Essentially, the artistic imperative of politically-charged art—to provoke discussion—is more precarious in a situation where humanitarian violations are being committed. The same unwritten ethics that go for the art of political revolutions or movements may not apply. These are not an empowered people fighting against an equally empowered establishment; rather,  these are an abused people facing, from one side, a harmful government, and from the other, the disjointed and embattled political framework of European lawmakers. The power dynamics are so asymmetrical that a sign reading “Dismal” above a camp housing project could potentially discourage instead of empower. This insensitivity is what lands big-name artists like Banksy and Ai Weiwei with accusations of flashy opportunism.

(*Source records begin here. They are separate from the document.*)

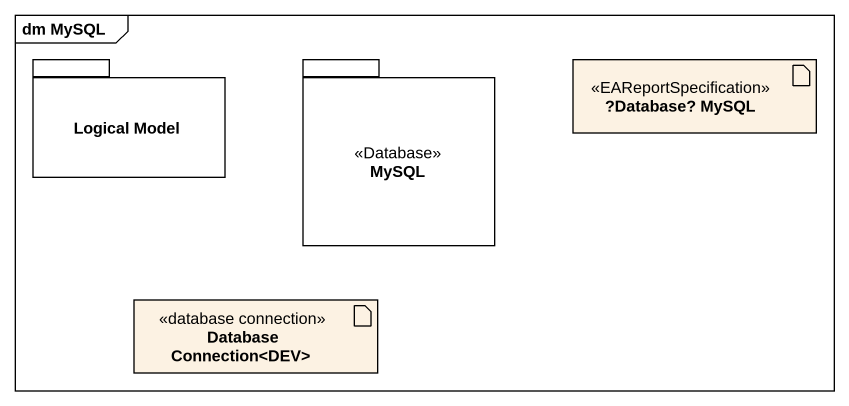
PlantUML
@startuml
mainframe dm MySQL
package "Logical Model" as Logical_Model {
}
package MySQL <<Database>> {
}
artifact "?Database? MySQL" as Database_MySQL <<EAReportSpecification>>
artifact "Database Connection<DEV>" as Database_Connection_DEV <<database connection>>
@enduml
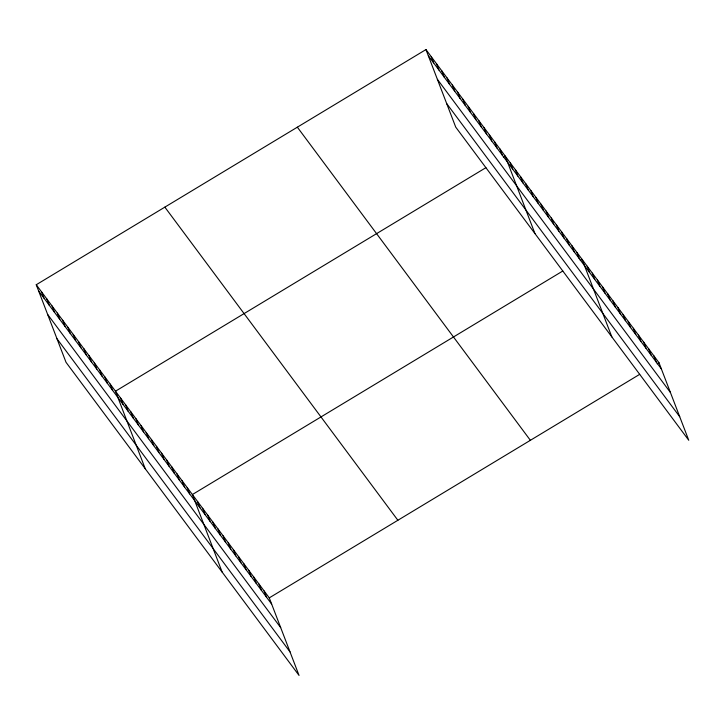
<?xml version="1.0" encoding="UTF-8"?>
<svg xmlns="http://www.w3.org/2000/svg" width="725" height="725" viewBox="0 0 725 725"><rect width="100%" height="100%" fill="white"/><g stroke="black" fill="none" stroke-linecap="round" stroke-linejoin="round"><path stroke-width="1.09" d="M36.25 284.744L269.274 597.871L299.044 675.428L66.02 362.301L36.25 284.744L425.956 49.572L658.98 362.699L688.75 440.256L455.726 127.129L425.956 49.572M485.895 167.683L115.474 391.201L145.245 468.758M503.349 157.144L505.189 156.038L534.959 233.595M562.79 271.014L192.379 494.541L222.149 572.088M580.245 260.483L582.084 259.369L611.855 336.926M269.274 597.871L639.686 374.345M657.14 363.814L658.98 362.699M428.348 55.798L661.363 368.916M437.383 79.333L670.398 392.461M446.691 103.593L679.715 416.721M297.35 127.183L530.374 440.311M164.856 207.142L397.88 520.269M38.633 290.961L271.657 604.088M47.678 314.505L280.693 627.632M56.985 338.756L290.009 651.884M653.85 355.812L656.243 362.029M648.73 348.924L651.113 355.141M643.601 342.037L645.984 348.254M638.471 335.149L640.864 341.366M633.351 328.262L635.734 334.479M628.222 321.374L630.605 327.591M623.092 314.478L625.485 320.695M617.972 307.59L620.355 313.807M612.842 300.703L615.226 306.92M607.713 293.815L610.106 300.032M602.584 286.928L604.976 293.145M597.463 280.04L599.847 286.257M592.334 273.153L594.717 279.37M587.205 266.256L589.597 272.473M576.955 252.481L579.338 258.698M571.826 245.594L574.218 251.811M566.705 238.706L569.089 244.923M561.576 231.819L563.959 238.036M556.447 224.931L558.839 231.148M551.326 218.035L553.71 224.252M546.197 211.147L548.58 217.364M541.067 204.26L543.46 210.477M535.947 197.372L538.331 203.589M530.818 190.485L533.201 196.702M525.688 183.597L528.081 189.814M520.568 176.71L522.952 182.927M515.439 169.813L517.822 176.03M510.309 162.926L512.702 169.142M499.906 148.942L502.289 155.159M494.622 141.846L497.006 148.063M489.339 134.75L491.722 140.967M484.055 127.645L486.448 133.862M478.772 120.549L481.164 126.766M473.498 113.453L475.881 119.67M468.214 106.358L470.597 112.574M462.931 99.262L465.314 105.478M457.647 92.166L460.04 98.383M452.364 85.061L454.756 91.278M447.089 77.965L449.473 84.182M441.806 70.869L444.189 77.086M436.522 63.773L438.906 69.99M431.239 56.677L433.623 62.894M264.145 590.984L266.528 597.201M259.015 584.087L261.408 590.313M253.895 577.2L256.278 583.417M248.766 570.312L251.149 576.529M243.636 563.425L246.029 569.642M238.516 556.537L240.899 562.754M233.387 549.65L235.77 555.867M228.257 542.762L230.65 548.979M223.137 535.866L225.52 542.092M218.007 528.978L220.391 535.195M212.878 522.091L215.271 528.308M207.758 515.203L210.141 521.42M202.628 508.316L205.012 514.533M197.499 501.428L199.892 507.645M187.249 487.644L189.633 493.87M182.12 480.757L184.512 486.973M177 473.869L179.383 480.086M171.87 466.982L174.254 473.198M166.741 460.094L169.133 466.311M161.612 453.207L164.004 459.423M156.491 446.319L158.875 452.536M151.362 439.423L153.745 445.648M146.233 432.535L148.625 438.752M141.112 425.647L143.496 431.864M135.983 418.76L138.366 424.977M130.853 411.873L133.246 418.089M125.733 404.985L128.117 411.202M120.604 398.097L122.987 404.314M110.2 384.105L112.583 390.322M104.917 377.009L107.3 383.226M99.633 369.913L102.017 376.13M94.35 362.817L96.733 369.034M89.066 355.721L91.459 361.938M83.783 348.616L86.175 354.833M78.508 341.52L80.892 347.737M73.225 334.424L75.608 340.641M67.942 327.328L70.325 333.545M62.658 320.233L65.042 326.449M57.375 313.137L59.767 319.353M52.091 306.032L54.484 312.248M46.817 298.936L49.2 305.153M41.533 291.84L43.917 298.057"/></g></svg>
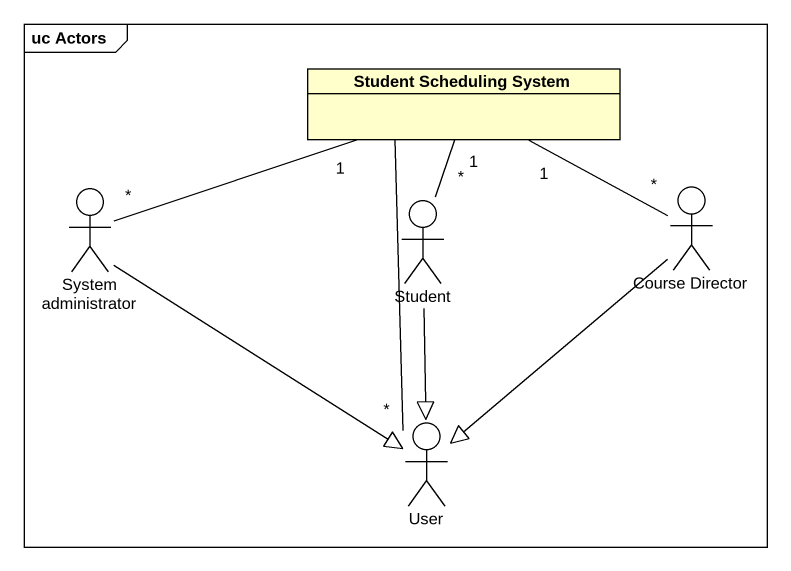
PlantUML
@startuml
mainframe uc Actors
allowmixing
hide circle
hide empty members
class "Student Scheduling System" as Student_Scheduling_System
actor "System administrator" as System_administrator
actor Student
actor "Course Director" as Course_Director
actor User
Student_Scheduling_System "1" -left- "*" System_administrator
Student_Scheduling_System "1" -- "*" Student
Student_Scheduling_System "1" -- "*" Course_Director
Student_Scheduling_System -- "*" User
System_administrator --|> User
Student --|> User
Course_Director --|> User
@enduml

Out of the media spotlight, some of the most authentic work emerging from the crisis is coming from the victims of displacement themselves. The British Council ran an exhibition this summer called Syria: Third Space, highlighting pieces from displaced artists from over ten countries, who received small grants to produce their work. The exhibition housed many multimedia projects, including a particularly striking stop-motion video titled Without Sky, created by Syrian artists Mohamad Omran and Bissane Al Charif. The video, less than three minutes long, depicts the gradual destruction of a white model city, providing stark commentary on the violence and mass destruction in Syria. These representations are powerful, especially because they are coming from people inside the conflict. With the legitimacy of experience, these artists are not subject to the same ridicule as their more removed counterparts. However, this art remains almost entirely confined to the limited domain of specific galleries and exhibits. This doesn’t minimize its symbolic impact, but it does reduce its ability to influence sociopolitical discourse. Artists like Ai Weiwei and Banksy cannot personally share in the experience of this crisis, but their art has the power to reach a broader audience because of their prestige.

Ultimately, art is powerful precisely because it is freed from the constraints of objectivity. Art can be partial, profane, and offensive, which is why it can access a part of the human psyche that journalism cannot. However, in the midst of a crisis so contingent on the preservation of human life and spirit, artists—especially big names like Ai Weiwei and Banksy—can find themselves on ethically-questionable terrain in their effort to portray the human face of a depersonalized conflict.